Being Selfish With Your Shame

At the EMS Weekend we attended, Rick talked about the unfaithful spouse being “selfish with their shame.” It’s an interesting concept, which essentially refers the unfaithful spouse continually making it about them instead of the ones they’ve hurt or betrayed. It’s continuing to wallow in their shame, or continuing to focus on what their choices have cost themselves, and not their spouse. It’s being more concerned with how much of a failure they may appear to themselves and to you, than how concerned they truly are with how hard of a time you, the betrayed spouse, is having due to their choices.

To say it’s dysfunctional is an understatement.

Shame is that way: self-absorbent. It makes the issue about me and not the ones who are suffering. Shame says, “I AM something bad.” Grief, conviction, or as some may call Godly sorrow, says “I’ve done something bad.” There’s a world of difference between the two, and until we can be unselfish with our shame, I’m not sure we’ll ever be free, or much worse, ever help our spouse (or victims) get free.

Shame in many ways contributes to narcissism and continues to engulf the unfaithful spouse in ways that seem or appear as though they are humble, contrite, or sorry for their choices. The problem is that as long as we are focused on ourselves we can never be free and never help those we’ve hurt get free. We also make it next to impossible for our betrayed spouse to forgive us as we don’t appear safe at all.

Shame does all it can to get us to focus on our own pain, our own feelings, and our own struggles.

One of the most freeing things that happened to me was when I was able to see how self-absorbed I truly was.  I wasn’t able to focus on what Samantha was dealing with, and her pain and her triggers and her reminders, as I was overwhelmed with my own pain.

I don’t mean to justify the plight of those overwhelmed with shame, however I do mean to give context. It really is a tough, if not excruciating, place to be. It’s a bit of a vice grip to be honest. We’re faced with great loss, our double life has become exposed, we feel like a complete failure, and we have no idea how to get out of the mess we are in. This mess by the way, is a mess that WE have created. Much worse, we’ve justified our affair time and time again, blamed you for it internally in order to keep it going, and now we’re torn as we can’t really see clearly now at all. We’re lost, and the only constant in our life is deception and in many ways, we have no clue how to act normal and be honest. Everyone but our affair partner is our enemy, and we’re not sure how to come out of the clouds and find truth. In short, we’re a mess, and until we get help, we will continue to be a wrecking ball that picks up speed. 

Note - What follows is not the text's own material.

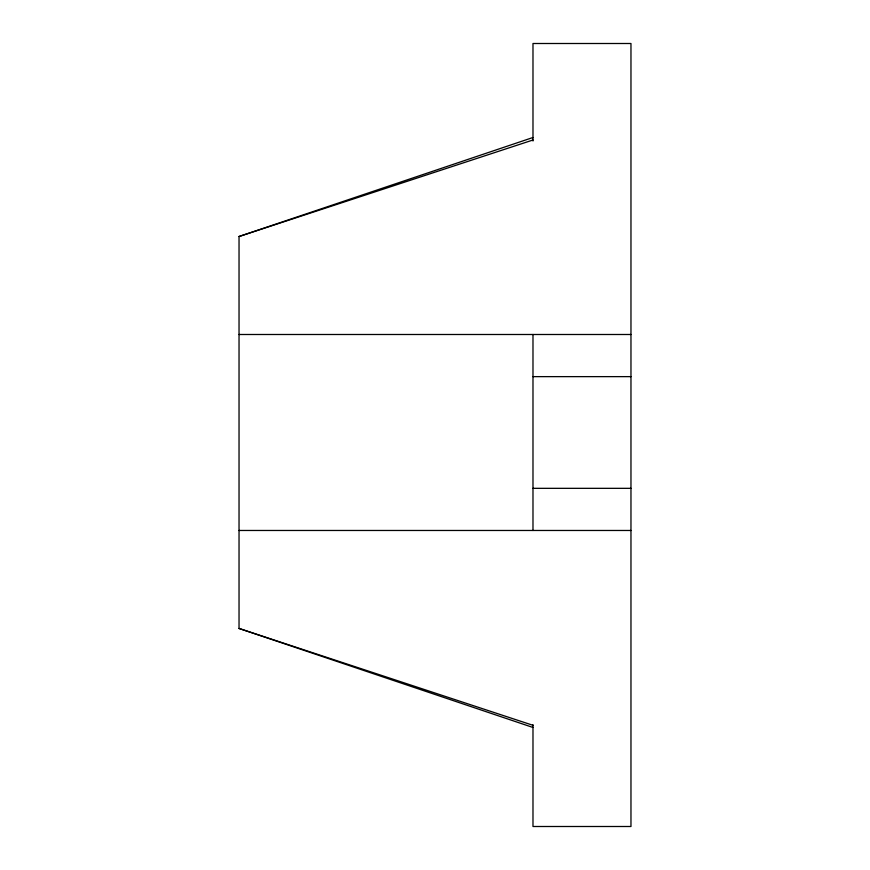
<?xml version="1.0" encoding="UTF-8"?>
<svg xmlns="http://www.w3.org/2000/svg" width="870" height="870" viewBox="0 0 870 870"><rect width="100%" height="100%" fill="white"/><g stroke="black" fill="none" stroke-linecap="round" stroke-linejoin="round"><path stroke-width="1.3" d="M532.984 727.472L239.032 628.455L239.032 236.509L532.984 137.493M239.032 236.509L532.984 140.005M239.032 334.493L630.967 334.493M532.984 376.634L630.967 376.634M532.984 488.331L630.967 488.331M239.032 530.472L630.967 530.472M239.032 628.455L532.984 725.308M532.984 140.994L532.984 43.5L630.967 43.5L630.967 826.5L532.984 826.5L532.984 724.764M532.984 334.493L532.984 530.472"/></g></svg>

The only thing that could be worse, the only person that could be in worse shape, would be the one’s we’ve hurt and betrayed. The one’s we’ve lied to, deceived, blamed, and now violated by our choice to cheat, are the only ones more in pain than we are, and when we see you reveal any of that pain, we immediately think of ourselves more than we empathize with you.

We have no idea how to get free, and we truly have no clue how to help you heal. Quite frankly, we’re even more lost on how to help ourselves, regardless of what we say.

I don’t mean to leave you lost and in pain, but I will leave you with what helped me: an expert. At an EMS Weekend, the lights came on for me in a way that I had never known before. To this day, one of my strengths NOW is to allow Samantha to emote about life, kids, financial issues, and identify with what SHE is feeling first.

There is hope friends, there truly is.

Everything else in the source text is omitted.